**WORK TO COMPLETE**. In the answer, each line from the top of the material through the line that contains "[diagram v5a: board, top" is restated exactly. No picture is given again.

**RECORDS FOR THIS TASK**.
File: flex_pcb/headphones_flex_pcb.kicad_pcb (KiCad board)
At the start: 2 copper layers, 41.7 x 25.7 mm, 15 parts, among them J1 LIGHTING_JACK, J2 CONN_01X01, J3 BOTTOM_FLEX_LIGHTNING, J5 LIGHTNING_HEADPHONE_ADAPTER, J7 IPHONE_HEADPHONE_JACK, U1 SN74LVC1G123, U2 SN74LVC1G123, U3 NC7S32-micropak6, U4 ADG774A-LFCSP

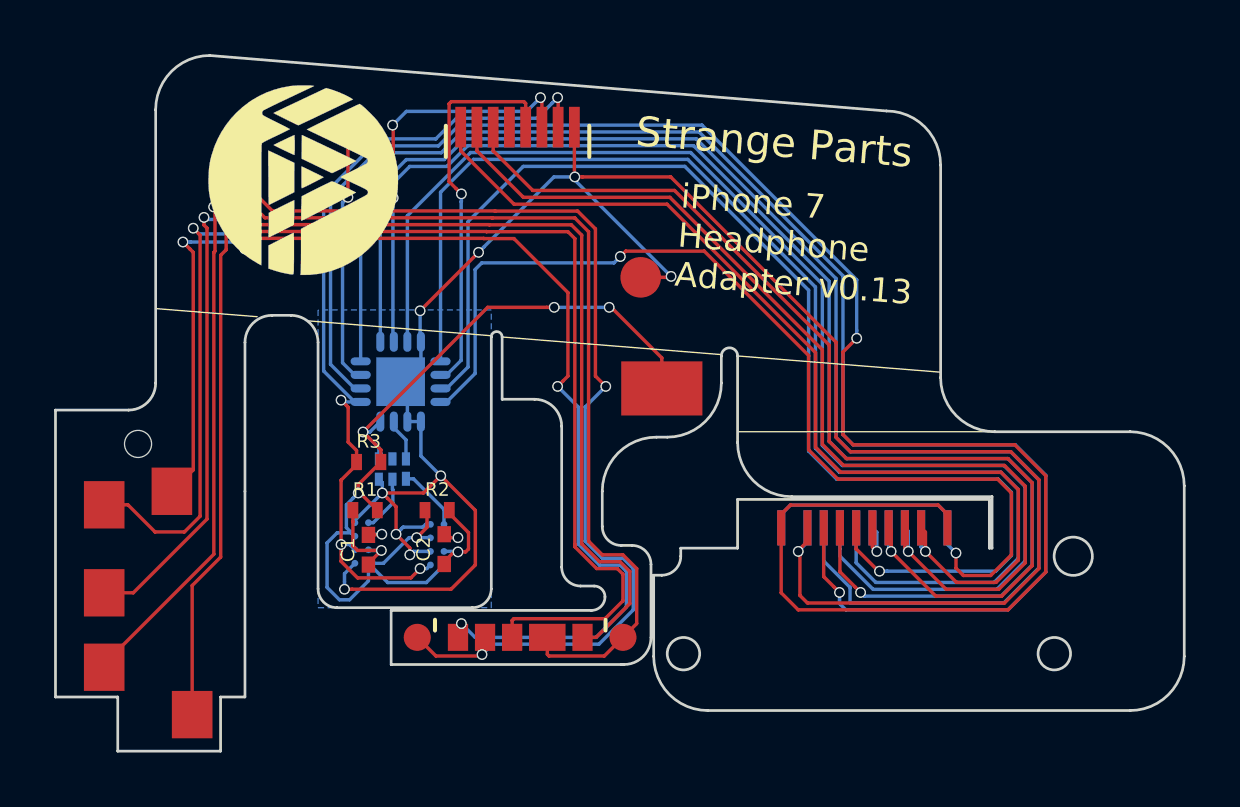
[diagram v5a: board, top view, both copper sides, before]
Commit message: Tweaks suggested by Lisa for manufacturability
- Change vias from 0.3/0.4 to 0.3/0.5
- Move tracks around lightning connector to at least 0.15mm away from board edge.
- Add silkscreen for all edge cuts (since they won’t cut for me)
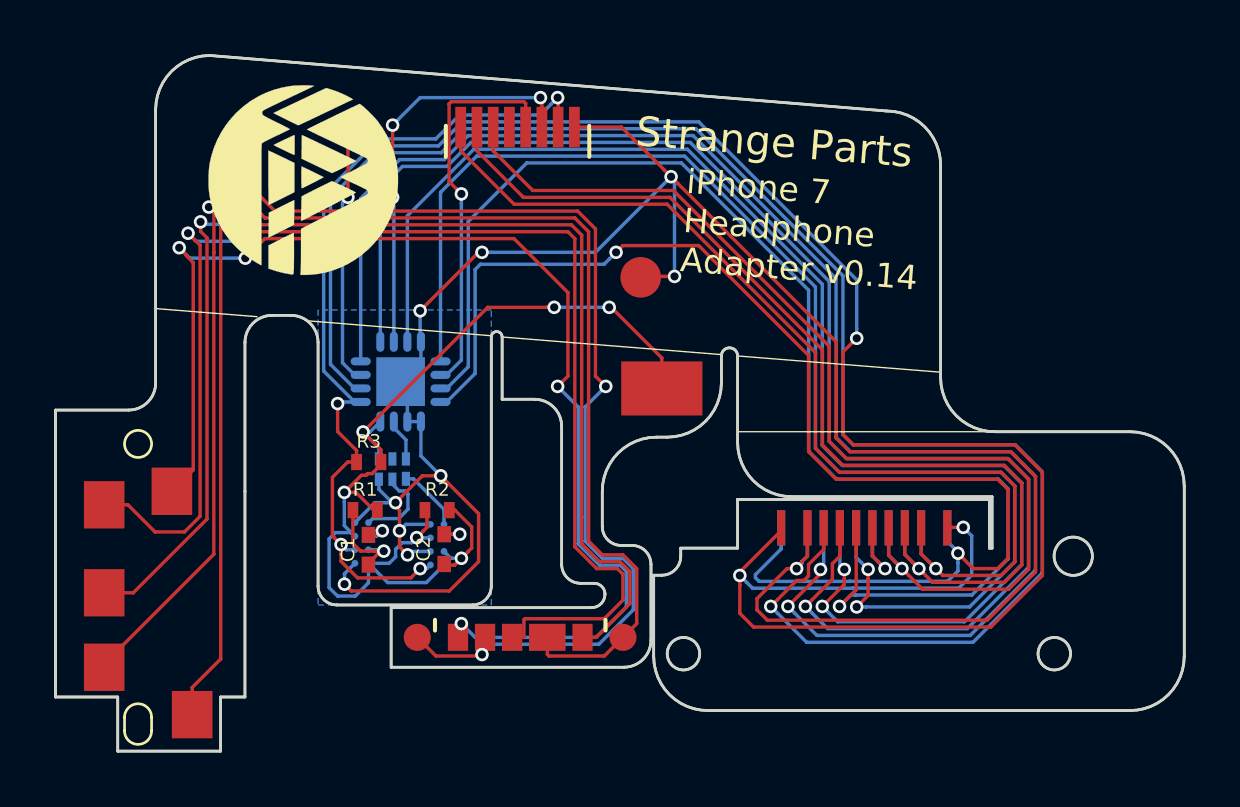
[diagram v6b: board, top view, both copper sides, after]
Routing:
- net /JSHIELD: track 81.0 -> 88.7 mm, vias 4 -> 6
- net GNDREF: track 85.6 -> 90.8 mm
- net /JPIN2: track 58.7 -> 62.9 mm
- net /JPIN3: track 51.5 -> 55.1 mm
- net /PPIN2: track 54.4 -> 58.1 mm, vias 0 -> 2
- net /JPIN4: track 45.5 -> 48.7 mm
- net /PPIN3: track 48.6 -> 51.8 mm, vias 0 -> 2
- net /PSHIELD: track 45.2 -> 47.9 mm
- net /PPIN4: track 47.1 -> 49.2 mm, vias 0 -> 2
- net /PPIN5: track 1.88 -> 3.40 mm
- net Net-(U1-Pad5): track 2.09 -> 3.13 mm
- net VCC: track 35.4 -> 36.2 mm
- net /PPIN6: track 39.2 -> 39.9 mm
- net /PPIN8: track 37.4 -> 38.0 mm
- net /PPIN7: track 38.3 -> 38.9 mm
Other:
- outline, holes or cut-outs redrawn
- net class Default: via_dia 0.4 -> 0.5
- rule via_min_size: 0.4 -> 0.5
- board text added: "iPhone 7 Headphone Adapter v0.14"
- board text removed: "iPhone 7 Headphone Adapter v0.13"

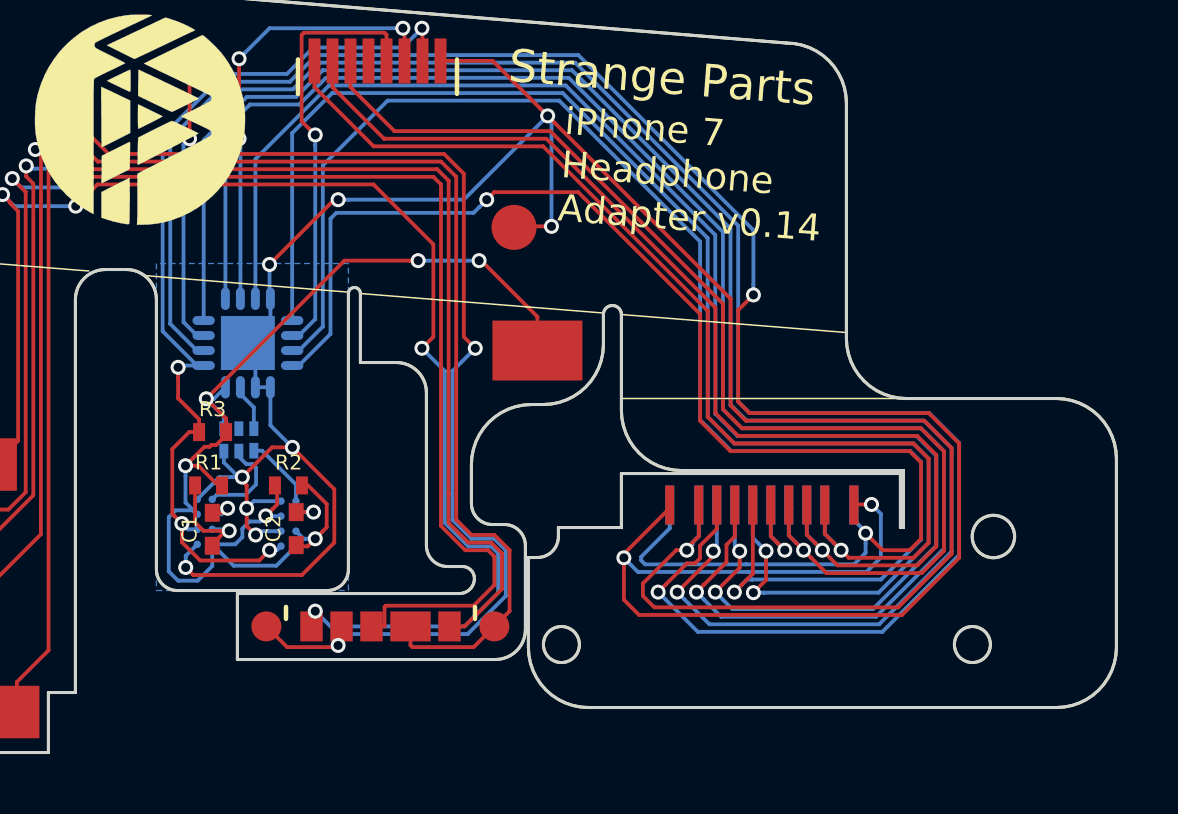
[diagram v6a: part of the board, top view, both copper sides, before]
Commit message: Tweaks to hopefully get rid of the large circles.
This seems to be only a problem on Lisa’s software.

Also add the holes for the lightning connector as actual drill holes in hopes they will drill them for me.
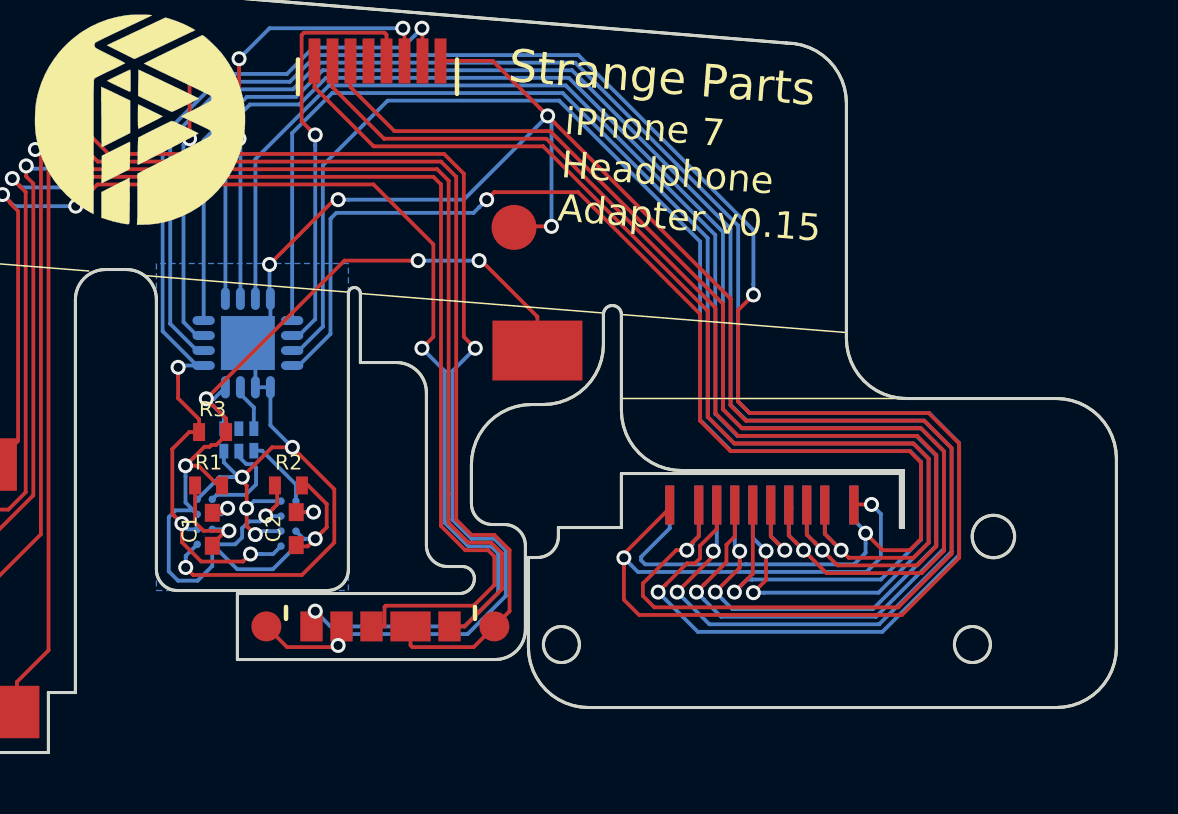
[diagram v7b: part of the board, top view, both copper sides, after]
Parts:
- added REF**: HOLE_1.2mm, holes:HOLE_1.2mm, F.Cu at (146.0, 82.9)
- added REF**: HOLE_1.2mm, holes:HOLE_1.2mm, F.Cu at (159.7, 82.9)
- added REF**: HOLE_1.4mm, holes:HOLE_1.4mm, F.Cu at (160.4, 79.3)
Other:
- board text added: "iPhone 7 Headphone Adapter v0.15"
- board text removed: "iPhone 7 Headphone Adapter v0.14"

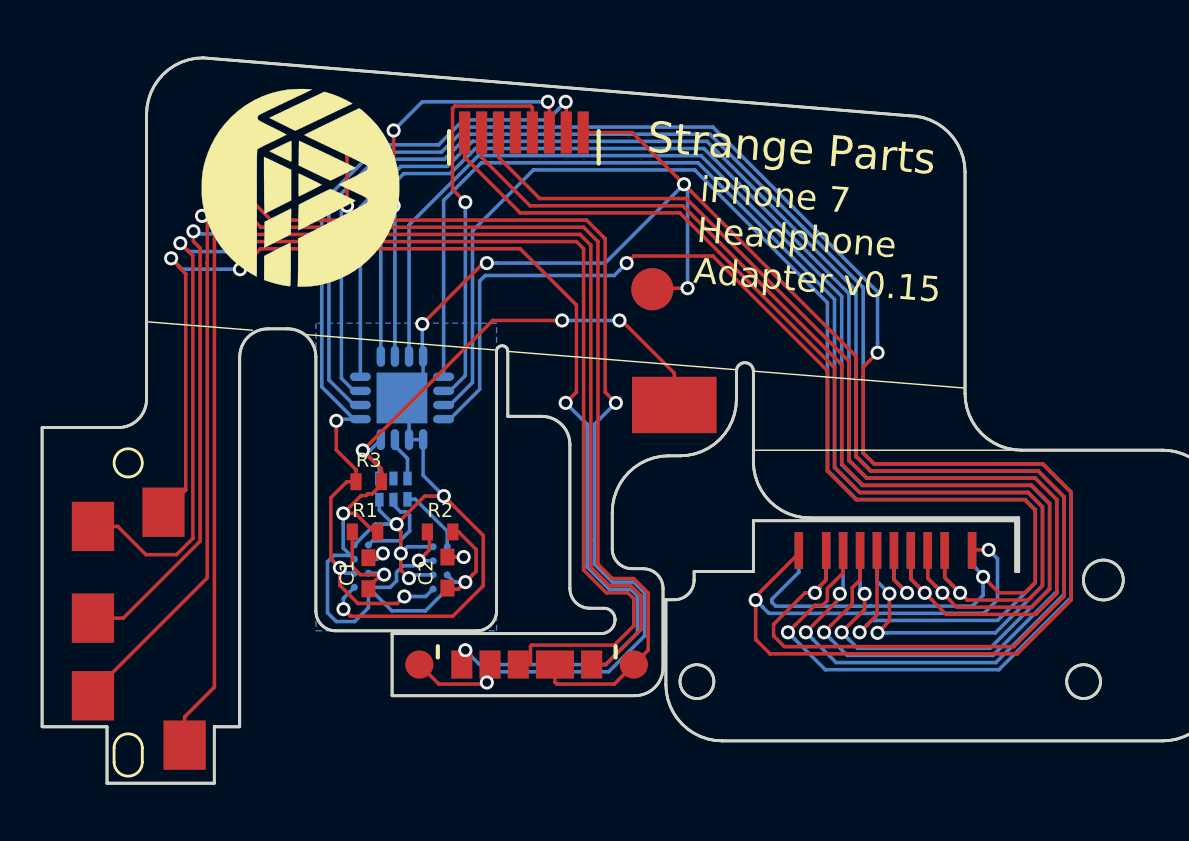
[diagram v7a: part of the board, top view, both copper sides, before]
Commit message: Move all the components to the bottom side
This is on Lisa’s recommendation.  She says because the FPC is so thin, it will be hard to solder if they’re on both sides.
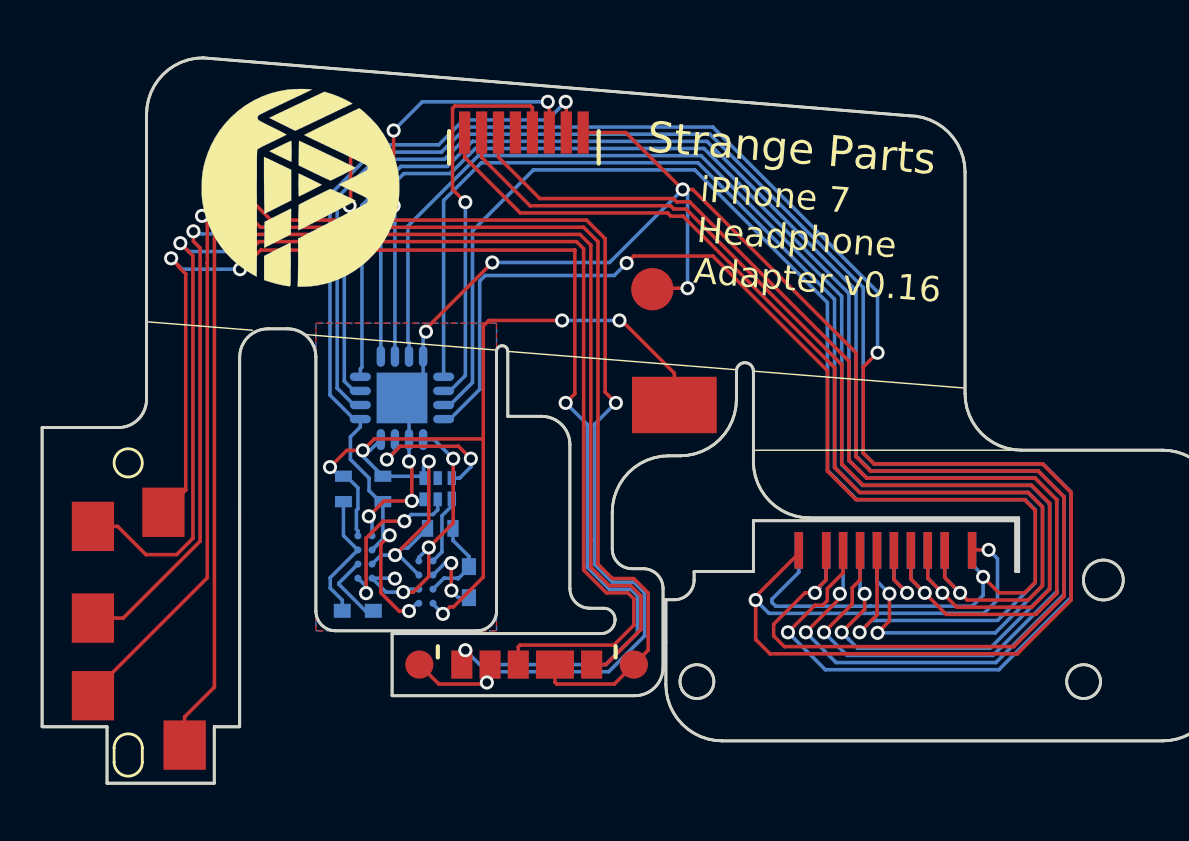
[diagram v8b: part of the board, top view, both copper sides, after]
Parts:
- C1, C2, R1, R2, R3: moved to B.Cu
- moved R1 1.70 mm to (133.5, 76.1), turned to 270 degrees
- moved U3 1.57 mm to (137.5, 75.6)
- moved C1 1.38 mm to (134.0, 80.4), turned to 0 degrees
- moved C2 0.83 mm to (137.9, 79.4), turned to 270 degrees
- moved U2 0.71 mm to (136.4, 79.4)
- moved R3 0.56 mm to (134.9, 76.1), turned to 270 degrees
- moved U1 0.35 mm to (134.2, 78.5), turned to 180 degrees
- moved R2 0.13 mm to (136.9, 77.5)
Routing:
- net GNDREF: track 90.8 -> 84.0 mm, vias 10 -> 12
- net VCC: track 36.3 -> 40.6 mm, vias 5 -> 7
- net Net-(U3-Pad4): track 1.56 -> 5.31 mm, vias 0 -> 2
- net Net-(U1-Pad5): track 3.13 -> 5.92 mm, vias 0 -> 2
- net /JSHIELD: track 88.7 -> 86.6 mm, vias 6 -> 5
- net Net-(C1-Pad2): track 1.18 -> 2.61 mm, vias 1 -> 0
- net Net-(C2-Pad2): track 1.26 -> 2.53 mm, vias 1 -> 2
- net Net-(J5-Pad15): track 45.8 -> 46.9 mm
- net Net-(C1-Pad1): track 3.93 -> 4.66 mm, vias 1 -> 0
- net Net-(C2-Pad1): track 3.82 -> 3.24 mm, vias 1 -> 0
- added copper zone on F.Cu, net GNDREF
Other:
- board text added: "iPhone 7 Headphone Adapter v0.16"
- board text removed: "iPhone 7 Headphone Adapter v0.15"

**RESULT**.
File: flex_pcb/headphones_flex_pcb.kicad_pcb (KiCad board)
At the start: 2 copper layers, 41.7 x 25.7 mm, 15 parts, among them J1 LIGHTING_JACK, J2 CONN_01X01, J3 BOTTOM_FLEX_LIGHTNING, J5 LIGHTNING_HEADPHONE_ADAPTER, J7 IPHONE_HEADPHONE_JACK, U1 SN74LVC1G123, U2 SN74LVC1G123, U3 NC7S32-micropak6, U4 ADG774A-LFCSP

[diagram v5a: board, top view, both copper sides, before]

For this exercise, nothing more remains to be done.